Certification Basics

A standard is a set of guidelines and criteria against which a product can be judged. A certification says that a product meets those criteria. In the green building product arena, numerous certifications follow this general outline, but in widely varying ways.

Standard development

Helping to govern the world of standards and certifications is the International Standards Organization (ISO). This international nongovernmental standard-setting body, founded in 1947, includes representatives of national standard development organizations, such as the American National Standards Institute (ANSI) in the U.S. ISO defines terms and develops worldwide standards that frequently become law or form the basis of industry norms.

The most robust standards are generally considered to be those developed through a formal voluntary consensus process characterized by openness and due process, such as defined by ISO and ANSI. Consensus standards have built-in buy-in, government support, and international clout. For example, federal agencies are required by law to adopt existing private-sector voluntary consensus standards in lieu of creating proprietary, non-consensus standards. The World Trade Organization has decreed that purchasing criteria developed in accordance with internationally accepted principles of standardization are not considered technical barriers to trade.

Most of the green product standards currently available, however, are proprietary or regulatory standards developed outside this formal consensus process. Depending on the development group, these may be more or less stringent than consensus standards, and they often include some degree of transparency and public comment. Increasingly, manufacturers are recognizing that, with their customers sensitive to “greenwashing,” proprietary industry-developed standards and industry-certified labels are not enough.

Deborah Fuller, an interior designer at HOK, said that she is wary of less robust product certification programs. “When it’s a third party, a separate organization that’s strictly in the business of certifying, I feel more comfort,” she said. Her colleague Sibylle Ruefenacht also said that she is very aware of where a certification comes from. “One of the things I like to consider is how it came about,” she said. “I have found that in some situations a manufacturer may be sponsoring it, and those are more partial.” But, she added, “it’s hard to find that out because they don’t advertise it.”
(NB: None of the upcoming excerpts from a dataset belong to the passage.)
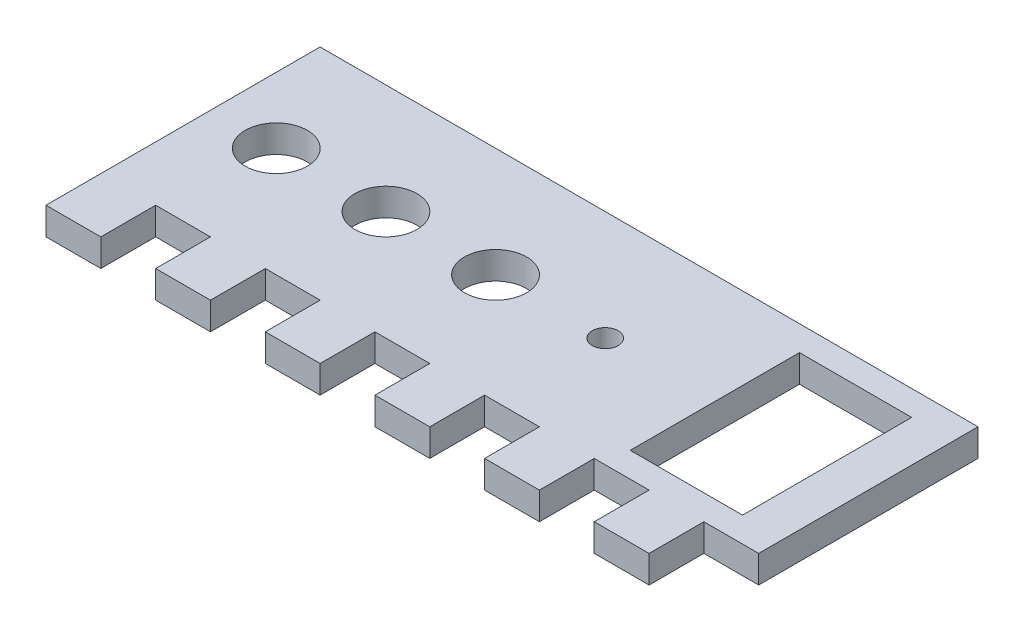
ISO-10303-21;
HEADER;
FILE_DESCRIPTION(('STEP AP214'),'2;1');
FILE_NAME('part.step','',(''),(''),'','','');
FILE_SCHEMA(('AUTOMOTIVE_DESIGN { 1 0 10303 214 1 1 1 1 }'));
ENDSEC;
DATA;
#1=APPLICATION_CONTEXT('core data for automotive mechanical design processes');
#2=APPLICATION_PROTOCOL_DEFINITION('international standard','automotive_design',2000,#1);
#3=PRODUCT_CONTEXT('',#1,'mechanical');
#4=PRODUCT('Part','Part','',(#3));
#5=PRODUCT_RELATED_PRODUCT_CATEGORY('part','',(#4));
#6=PRODUCT_DEFINITION_FORMATION('','',#4);
#7=PRODUCT_DEFINITION_CONTEXT('part definition',#1,'design');
#8=PRODUCT_DEFINITION('design','',#6,#7);
#9=PRODUCT_DEFINITION_SHAPE('','',#8);
#10=(LENGTH_UNIT() NAMED_UNIT(*) SI_UNIT(.MILLI.,.METRE.));
#11=(NAMED_UNIT(*) PLANE_ANGLE_UNIT() SI_UNIT($,.RADIAN.));
#12=(NAMED_UNIT(*) SI_UNIT($,.STERADIAN.) SOLID_ANGLE_UNIT());
#13=UNCERTAINTY_MEASURE_WITH_UNIT(LENGTH_MEASURE(1.E-05),#10,'distance_accuracy_value','');
#14=(GEOMETRIC_REPRESENTATION_CONTEXT(3) GLOBAL_UNCERTAINTY_ASSIGNED_CONTEXT((#13)) GLOBAL_UNIT_ASSIGNED_CONTEXT((#10,
#11,#12)) REPRESENTATION_CONTEXT('',''));
#15=CARTESIAN_POINT('',(0.,0.,0.));
#16=DIRECTION('',(0.,0.,1.));
#17=DIRECTION('',(1.,0.,0.));
#18=AXIS2_PLACEMENT_3D('',#15,#16,#17);
#19=CARTESIAN_POINT('',(0.,3.175,0.));
#20=DIRECTION('',(0.,-1.,0.));
#21=DIRECTION('',(0.,0.,-1.));
#22=AXIS2_PLACEMENT_3D('',#19,#20,#21);
#23=PLANE('',#22);
#24=CARTESIAN_POINT('',(7.62,3.175,-12.7));
#25=DIRECTION('',(0.,1.,0.));
#26=DIRECTION('',(0.,0.,1.));
#27=AXIS2_PLACEMENT_3D('',#24,#25,#26);
#28=CIRCLE('',#27,3.6);
#29=CARTESIAN_POINT('',(7.62,3.175,-9.1));
#30=VERTEX_POINT('',#29);
#31=EDGE_CURVE('E270',#30,#30,#28,.T.);
#32=ORIENTED_EDGE('',*,*,#31,.F.);
#33=EDGE_LOOP('',(#32));
#34=FACE_BOUND('',#33,.T.);
#35=CARTESIAN_POINT('',(45.72,3.175,-12.7));
#36=DIRECTION('',(0.,1.,0.));
#37=DIRECTION('',(0.,0.,1.));
#38=AXIS2_PLACEMENT_3D('',#35,#36,#37);
#39=CIRCLE('',#38,1.5);
#40=CARTESIAN_POINT('',(45.72,3.175,-11.2));
#41=VERTEX_POINT('',#40);
#42=EDGE_CURVE('E276',#41,#41,#39,.T.);
#43=ORIENTED_EDGE('',*,*,#42,.F.);
#44=EDGE_LOOP('',(#43));
#45=FACE_BOUND('',#44,.T.);
#46=CARTESIAN_POINT('',(33.02,3.175,-12.7));
#47=DIRECTION('',(0.,1.,0.));
#48=DIRECTION('',(0.,0.,1.));
#49=AXIS2_PLACEMENT_3D('',#46,#47,#48);
#50=CIRCLE('',#49,3.6);
#51=CARTESIAN_POINT('',(33.02,3.175,-9.1));
#52=VERTEX_POINT('',#51);
#53=EDGE_CURVE('E282',#52,#52,#50,.T.);
#54=ORIENTED_EDGE('',*,*,#53,.F.);
#55=EDGE_LOOP('',(#54));
#56=FACE_BOUND('',#55,.T.);
#57=CARTESIAN_POINT('',(20.32,3.175,-12.7));
#58=DIRECTION('',(0.,1.,0.));
#59=DIRECTION('',(0.,0.,1.));
#60=AXIS2_PLACEMENT_3D('',#57,#58,#59);
#61=CIRCLE('',#60,3.6);
#62=CARTESIAN_POINT('',(20.32,3.175,-9.1));
#63=VERTEX_POINT('',#62);
#64=EDGE_CURVE('E288',#63,#63,#61,.T.);
#65=ORIENTED_EDGE('',*,*,#64,.F.);
#66=EDGE_LOOP('',(#65));
#67=FACE_BOUND('',#66,.T.);
#68=DIRECTION('',(0.,0.,1.));
#69=VECTOR('',#68,1.);
#70=CARTESIAN_POINT('',(0.,3.175,0.));
#71=LINE('',#70,#69);
#72=CARTESIAN_POINT('',(0.,3.175,-25.4));
#73=VERTEX_POINT('',#72);
#74=CARTESIAN_POINT('',(0.,3.175,6.35));
#75=VERTEX_POINT('',#74);
#76=EDGE_CURVE('E294',#73,#75,#71,.T.);
#77=ORIENTED_EDGE('',*,*,#76,.T.);
#78=DIRECTION('',(1.,0.,0.));
#79=VECTOR('',#78,1.);
#80=CARTESIAN_POINT('',(0.,3.175,6.35));
#81=LINE('',#80,#79);
#82=CARTESIAN_POINT('',(6.35,3.175,6.35));
#83=VERTEX_POINT('',#82);
#84=EDGE_CURVE('E296',#75,#83,#81,.T.);
#85=ORIENTED_EDGE('',*,*,#84,.T.);
#86=DIRECTION('',(0.,0.,-1.));
#87=VECTOR('',#86,1.);
#88=CARTESIAN_POINT('',(6.35,3.175,6.35));
#89=LINE('',#88,#87);
#90=CARTESIAN_POINT('',(6.35,3.175,0.));
#91=VERTEX_POINT('',#90);
#92=EDGE_CURVE('E299',#83,#91,#89,.T.);
#93=ORIENTED_EDGE('',*,*,#92,.T.);
#94=DIRECTION('',(1.,0.,0.));
#95=VECTOR('',#94,1.);
#96=CARTESIAN_POINT('',(6.35,3.175,0.));
#97=LINE('',#96,#95);
#98=CARTESIAN_POINT('',(12.7,3.175,0.));
#99=VERTEX_POINT('',#98);
#100=EDGE_CURVE('E301',#91,#99,#97,.T.);
#101=ORIENTED_EDGE('',*,*,#100,.T.);
#102=DIRECTION('',(0.,0.,1.));
#103=VECTOR('',#102,1.);
#104=CARTESIAN_POINT('',(12.7,3.175,0.));
#105=LINE('',#104,#103);
#106=CARTESIAN_POINT('',(12.7,3.175,6.35));
#107=VERTEX_POINT('',#106);
#108=EDGE_CURVE('E303',#99,#107,#105,.T.);
#109=ORIENTED_EDGE('',*,*,#108,.T.);
#110=DIRECTION('',(1.,0.,0.));
#111=VECTOR('',#110,1.);
#112=CARTESIAN_POINT('',(12.7,3.175,6.35));
#113=LINE('',#112,#111);
#114=CARTESIAN_POINT('',(19.05,3.175,6.35));
#115=VERTEX_POINT('',#114);
#116=EDGE_CURVE('E305',#107,#115,#113,.T.);
#117=ORIENTED_EDGE('',*,*,#116,.T.);
#118=DIRECTION('',(0.,0.,-1.));
#119=VECTOR('',#118,1.);
#120=CARTESIAN_POINT('',(19.05,3.175,6.35));
#121=LINE('',#120,#119);
#122=CARTESIAN_POINT('',(19.05,3.175,0.));
#123=VERTEX_POINT('',#122);
#124=EDGE_CURVE('E307',#115,#123,#121,.T.);
#125=ORIENTED_EDGE('',*,*,#124,.T.);
#126=DIRECTION('',(1.,0.,0.));
#127=VECTOR('',#126,1.);
#128=CARTESIAN_POINT('',(19.05,3.175,0.));
#129=LINE('',#128,#127);
#130=CARTESIAN_POINT('',(25.4,3.175,0.));
#131=VERTEX_POINT('',#130);
#132=EDGE_CURVE('E309',#123,#131,#129,.T.);
#133=ORIENTED_EDGE('',*,*,#132,.T.);
#134=DIRECTION('',(0.,0.,1.));
#135=VECTOR('',#134,1.);
#136=CARTESIAN_POINT('',(25.4,3.175,0.));
#137=LINE('',#136,#135);
#138=CARTESIAN_POINT('',(25.4,3.175,6.35));
#139=VERTEX_POINT('',#138);
#140=EDGE_CURVE('E311',#131,#139,#137,.T.);
#141=ORIENTED_EDGE('',*,*,#140,.T.);
#142=DIRECTION('',(1.,0.,0.));
#143=VECTOR('',#142,1.);
#144=CARTESIAN_POINT('',(25.4,3.175,6.35));
#145=LINE('',#144,#143);
#146=CARTESIAN_POINT('',(31.75,3.175,6.35));
#147=VERTEX_POINT('',#146);
#148=EDGE_CURVE('E313',#139,#147,#145,.T.);
#149=ORIENTED_EDGE('',*,*,#148,.T.);
#150=DIRECTION('',(0.,0.,-1.));
#151=VECTOR('',#150,1.);
#152=CARTESIAN_POINT('',(31.75,3.175,6.35));
#153=LINE('',#152,#151);
#154=CARTESIAN_POINT('',(31.75,3.175,0.));
#155=VERTEX_POINT('',#154);
#156=EDGE_CURVE('E315',#147,#155,#153,.T.);
#157=ORIENTED_EDGE('',*,*,#156,.T.);
#158=DIRECTION('',(1.,0.,0.));
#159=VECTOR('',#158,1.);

The consensus process gives standards a measure of protection against conflicts of interest. Despite this move toward consensus processes, the green certifications landscape is also populated with proprietary standards that are nonetheless trusted because they are associated with a group with strong environmental credentials.

First, second, or third party

First-, second-, and third-party levels of certification define the degree of separation between the certifier and the company whose product is being certified. Most marketing claims, product specifications, and material data safety sheets are first-party declarations that have not been independently tested or verified. Second-party certification can provide more credible information by involving a trade association or outside consulting firm in setting a standard and verifying claims. Second-party certification offers little assurance against conflicts of interest, however. A certification is most robust when an independent third party conducts the product testing and awards the certification. As a further measure of quality control, a certifier can be ANSI-approved, which verifies the certifier’s objectivity.

From certifications to labels

ISO defines different types of labels that can be used for products, depending on what is being claimed. Type I labels provide a seal of approval for meeting a multiple-attribute set of predetermined requirements. Type II labels are verifiable single-attribute environmental claims, for such things as energy consumption, emissions, or recycled content. According to ISO, Type II labels can be first-party self-declared claims of the manufacturer, but manufacturers are increasingly seeking third-party verification of those claims. Type III labels display comprehensive and detailed product information. Certifications available in the U.S. today lead mostly to Type I and Type II labels, although not all meet ISO’s requirements.